*Biographical note: Eratosthenes of Cyrene (ca. 276 BCE – ca. 194 BCE). Eratosthenes is known for a variety of mathematical topics, including the so-called sieve (related to prime number theory) and a relatively accurate estimate for the circumference of the Earth. He was a polymath but not “best” in any field, and supposedly was nicknamed “Beta” for this reason. Read more about Eratosthenes at MacTutor.*

(Heiberg 84.13) Let there be two unequal straight lines, ΑΕ and ΔΘ, between which it is required to find two means in continuous proportion. Let ΑΕ be placed at right angles to some straight line ΕΘ, and on ΕΘ, let three parallelograms be set up, ΑΖ, ΖΙ, and ΙΘ, and let the diameters ΑΖ, ΛΗ, and ΙΘ be drawn in each: hence these diameters will be parallel.

Above: Figure 13.1: Eratosthenes’ First Diagram. This diagram is static. The point F is unlabeled in the manuscripts. In the next diagram, it is movable, and I label it here for continuity.

When the middle parallelogram ΖΙ remains fixed, let the parallelogram ΑΖ be slid along the top surface of the middle one, and ΙΘ along the bottom surface of the middle one, as in the second diagram, until the points Α, Β, Γ, and Δ are in a straight line. Let the line through the points Α, Β, Γ, and Δ be drawn, and let it intersect ΕΘ (having been extended) at Κ.

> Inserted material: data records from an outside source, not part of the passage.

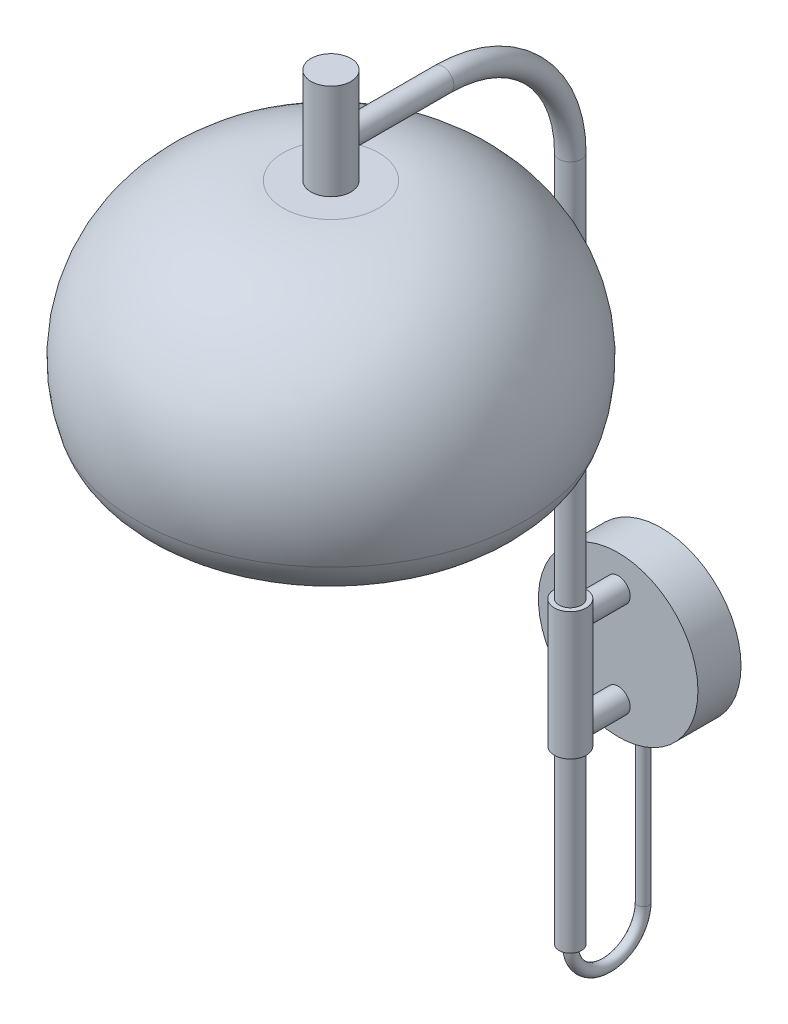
ISO-10303-21;
HEADER;
FILE_DESCRIPTION(('STEP AP214'),'2;1');
FILE_NAME('part.step','',(''),(''),'','','');
FILE_SCHEMA(('AUTOMOTIVE_DESIGN { 1 0 10303 214 1 1 1 1 }'));
ENDSEC;
DATA;
#1=APPLICATION_CONTEXT('core data for automotive mechanical design processes');
#2=APPLICATION_PROTOCOL_DEFINITION('international standard','automotive_design',2000,#1);
#3=PRODUCT_CONTEXT('',#1,'mechanical');
#4=PRODUCT('Part','Part','',(#3));
#5=PRODUCT_RELATED_PRODUCT_CATEGORY('part','',(#4));
#6=PRODUCT_DEFINITION_FORMATION('','',#4);
#7=PRODUCT_DEFINITION_CONTEXT('part definition',#1,'design');
#8=PRODUCT_DEFINITION('design','',#6,#7);
#9=PRODUCT_DEFINITION_SHAPE('','',#8);
#10=(LENGTH_UNIT() NAMED_UNIT(*) SI_UNIT(.MILLI.,.METRE.));
#11=(NAMED_UNIT(*) PLANE_ANGLE_UNIT() SI_UNIT($,.RADIAN.));
#12=(NAMED_UNIT(*) SI_UNIT($,.STERADIAN.) SOLID_ANGLE_UNIT());
#13=UNCERTAINTY_MEASURE_WITH_UNIT(LENGTH_MEASURE(1.E-05),#10,'distance_accuracy_value','');
#14=(GEOMETRIC_REPRESENTATION_CONTEXT(3) GLOBAL_UNCERTAINTY_ASSIGNED_CONTEXT((#13)) GLOBAL_UNIT_ASSIGNED_CONTEXT((#10,
#11,#12)) REPRESENTATION_CONTEXT('',''));
#15=CARTESIAN_POINT('',(0.,0.,0.));
#16=DIRECTION('',(0.,0.,1.));
#17=DIRECTION('',(1.,0.,0.));
#18=AXIS2_PLACEMENT_3D('',#15,#16,#17);
#19=CARTESIAN_POINT('',(-138.745759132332,297.714093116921,866.006204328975));
#20=DIRECTION('',(0.,0.,-1.));
#21=DIRECTION('',(-1.,0.,0.));
#22=AXIS2_PLACEMENT_3D('',#19,#20,#21);
#23=CIRCLE('',#22,40.);
#24=TRIMMED_CURVE('',#23,(PARAMETER_VALUE(-1.61579062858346)),
(PARAMETER_VALUE(1.61579062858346)),.T.,.PARAMETER.);
#25=CARTESIAN_POINT('',(-136.946594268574,297.714093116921,866.006204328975));
#26=DIRECTION('',(0.,1.,0.));
#27=AXIS1_PLACEMENT('',#25,#26);
#28=SURFACE_OF_REVOLUTION('',#24,#27);
#29=CARTESIAN_POINT('',(-136.946594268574,335.679699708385,866.006204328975));
#30=DIRECTION('',(0.,1.,0.));
#31=DIRECTION('',(-1.,0.,0.));
#32=AXIS2_PLACEMENT_3D('',#29,#30,#31);
#33=CIRCLE('',#32,14.3933189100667);
#34=CARTESIAN_POINT('',(-151.339913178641,335.679699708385,866.006204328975));
#35=VERTEX_POINT('',#34);
#36=EDGE_CURVE('P0_E10',#35,#35,#33,.T.);
#37=ORIENTED_EDGE('',*,*,#36,.F.);
#38=EDGE_LOOP('',(#37));
#39=FACE_BOUND('',#38,.T.);
#40=CARTESIAN_POINT('',(-136.946594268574,257.754576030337,866.006204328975));
#41=VERTEX_POINT('',#40);
#42=VERTEX_LOOP('',#41);
#43=FACE_BOUND('',#42,.T.);
#44=ADVANCED_FACE('P0_F16',(#39,#43),#28,.T.);
#45=CARTESIAN_POINT('',(-122.553275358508,335.679699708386,866.006204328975));
#46=DIRECTION('',(0.,-1.,0.));
#47=DIRECTION('',(1.,0.,0.));
#48=AXIS2_PLACEMENT_3D('',#45,#46,#47);
#49=PLANE('',#48);
#50=ORIENTED_EDGE('',*,*,#36,.T.);
#51=EDGE_LOOP('',(#50));
#52=FACE_BOUND('',#51,.T.);
#53=ADVANCED_FACE('P0_F24',(#52),#49,.F.);
#54=CLOSED_SHELL('',(#44,#53));
#55=MANIFOLD_SOLID_BREP('P0_B1',#54);
#56=CARTESIAN_POINT('',(-136.946594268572,377.679699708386,866.006204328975));
#57=DIRECTION('',(0.,1.,0.));
#58=DIRECTION('',(-0.999896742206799,0.,0.0143702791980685));
#59=AXIS2_PLACEMENT_3D('',#56,#57,#58);
#60=PLANE('',#59);
#61=CARTESIAN_POINT('',(-136.946594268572,377.679699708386,866.006204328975));
#62=DIRECTION('',(0.,1.,0.));
#63=DIRECTION('',(0.0143702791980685,0.,0.999896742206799));
#64=AXIS2_PLACEMENT_3D('',#61,#62,#63);
#65=CIRCLE('',#64,12.5);
#66=CARTESIAN_POINT('',(-136.766965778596,377.679699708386,878.50491360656));
#67=VERTEX_POINT('',#66);
#68=EDGE_CURVE('P1_E40',#67,#67,#65,.T.);
#69=ORIENTED_EDGE('',*,*,#68,.F.);
#70=EDGE_LOOP('',(#69));
#71=FACE_BOUND('',#70,.T.);
#72=CARTESIAN_POINT('',(-136.946594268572,377.679699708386,866.006204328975));
#73=DIRECTION('',(0.,-1.,0.));
#74=DIRECTION('',(0.999896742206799,0.,-0.0143702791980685));
#75=AXIS2_PLACEMENT_3D('',#72,#73,#74);
#76=CIRCLE('',#75,30.);
#77=CARTESIAN_POINT('',(-106.949692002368,377.679699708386,865.575095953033));
#78=VERTEX_POINT('',#77);
#79=EDGE_CURVE('P1_E10',#78,#78,#76,.T.);
#80=ORIENTED_EDGE('',*,*,#79,.F.);
#81=EDGE_LOOP('',(#80));
#82=FACE_BOUND('',#81,.T.);
#83=ADVANCED_FACE('P1_F15',(#71,#82),#60,.T.);
#84=CARTESIAN_POINT('',(-136.946594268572,281.736809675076,866.006204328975));
#85=DIRECTION('',(0.,-1.,0.));
#86=DIRECTION('',(0.999896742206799,0.,-0.0143702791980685));
#87=AXIS2_PLACEMENT_3D('',#84,#85,#86);
#88=DEGENERATE_TOROIDAL_SURFACE('',#87,30.,95.9428900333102,.T.);
#89=ORIENTED_EDGE('',*,*,#79,.T.);
#90=EDGE_LOOP('',(#89));
#91=FACE_BOUND('',#90,.T.);
#92=CARTESIAN_POINT('',(-136.946594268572,253.870083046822,866.006204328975));
#93=DIRECTION('',(0.,-1.,0.));
#94=DIRECTION('',(0.999896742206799,0.,-0.0143702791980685));
#95=AXIS2_PLACEMENT_3D('',#92,#93,#94);
#96=CIRCLE('',#95,121.806773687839);
#97=CARTESIAN_POINT('',(-15.1523980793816,253.870083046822,864.255806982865));
#98=VERTEX_POINT('',#97);
#99=EDGE_CURVE('P1_E22',#98,#98,#96,.T.);
#100=ORIENTED_EDGE('',*,*,#99,.F.);
#101=EDGE_LOOP('',(#100));
#102=FACE_BOUND('',#101,.T.);
#103=ADVANCED_FACE('P1_F68',(#91,#102),#88,.T.);
#104=CARTESIAN_POINT('',(-136.946594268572,265.488130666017,866.006204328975));
#105=DIRECTION('',(0.,-1.,0.));
#106=DIRECTION('',(0.999896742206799,0.,-0.0143702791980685));
#107=AXIS2_PLACEMENT_3D('',#104,#105,#106);
#108=TOROIDAL_SURFACE('',#107,83.531181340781,40.0000000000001);
#109=ORIENTED_EDGE('',*,*,#99,.T.);
#110=EDGE_LOOP('',(#109));
#111=FACE_BOUND('',#110,.T.);
#112=CARTESIAN_POINT('',(-136.946594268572,225.488130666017,866.006204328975));
#113=DIRECTION('',(0.,-1.,0.));
#114=DIRECTION('',(0.999896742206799,0.,-0.0143702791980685));
#115=AXIS2_PLACEMENT_3D('',#112,#113,#114);
#116=CIRCLE('',#115,83.531181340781);
#117=CARTESIAN_POINT('',(-53.4240381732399,225.488130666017,864.805837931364));
#118=VERTEX_POINT('',#117);
#119=EDGE_CURVE('P1_E26',#118,#118,#116,.T.);
#120=ORIENTED_EDGE('',*,*,#119,.F.);
#121=EDGE_LOOP('',(#120));
#122=FACE_BOUND('',#121,.T.);
#123=ADVANCED_FACE('P1_F73',(#111,#122),#108,.T.);
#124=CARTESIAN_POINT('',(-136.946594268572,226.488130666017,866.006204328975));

Above: Eratosthenes’ Second Diagram. The objective with this diagram is to have the points Β and Γ on the red line ΑΔ. This is accomplished by moving the doors (by moving points Α and F). The point Δ is also moveable; adjusting it changes the ratio ΑΕ : ΔΘ. By default, ΑΕ is twice ΔΘ. I have added a few labels to this diagram. First, the point F, which is unlabelled in the manuscripts. Second, the manuscripts only label the points Λ and Ι (and their counterparts, Λ2 and Ι2) in the first diagram. For completeness, I include them here; when the doors are moved to their starting positions, the Λ points coincide and the Ι points coincide. Similarly for the points Ζ and Η: while they are also labeled in the second diagram, their counterparts Z_{1} and Η_{1} are not. (Note that Eratosthenes’ First Diagram corresponds to a static version of this diagram.)

Indeed, in the parallels ΑΕ and ΖΒ, we have by *Elements* VI.4, \begin{equation} \tag{97} \text{ ΑΚ : ΚΒ = ΕΚ : ΚΖ;} \end{equation}and in the parallels ΑΖ and ΒΗ, \begin{equation} \tag{98} \text{ΑΚ : ΚΒ = ΖΚ : ΚΗ. } \end{equation}Therefore [by *Elements* V.11] \begin{equation} \tag{99} \text{ ΑΚ : ΚΒ = ΕΚ : ΚΖ = ΚΖ : ΚΗ.} \end{equation}Again, in the parallels ΒΖ and ΓΗ, \begin{equation} \tag{100} \text{ ΒΚ : ΚΓ = ZK : ΚΗ;} \end{equation}and in the parallels ΒΗ and ΓΘ, \begin{equation} \tag{101} \text{ ΒΚ : ΚΓ = ΗΚ : ΚΘ.} \end{equation}Therefore \begin{equation} \tag{102} \text{ΒΚ : ΚΓ = ΖΚ : ΚΗ = ΗΚ : ΚΘ. } \end{equation}But \begin{equation} \tag{103} \text{ΖΚ : ΚΗ = ΕΚ : ΚΖ; } \end{equation}and therefore \begin{equation} \tag{104} \text{ ΕΚ : ΚΖ = ΖΚ : ΗΚ = ΗΚ : ΚΘ.} \end{equation}

But \begin{equation} \tag{105} \text{ΕΚ : ΚΖ = ΑΕ : ΒΖ,} \end{equation}and \begin{equation} \tag{106} \text{ ΖΚ : ΚΗ = ΒΖ : ΓΗ,} \end{equation}and \begin{equation} \tag{107} \text{ ΗΚ : ΚΘ = ΓΗ : ΔΘ;} \end{equation}therefore \begin{equation} \tag{108} \text{ ΑΕ : ΒΖ = ΒΖ : ΓΗ = ΓΗ : ΔΘ.} \end{equation}Therefore both ΒΖ and ΓΗ have been found as two mean proportionals between ΑΕ and ΔΘ.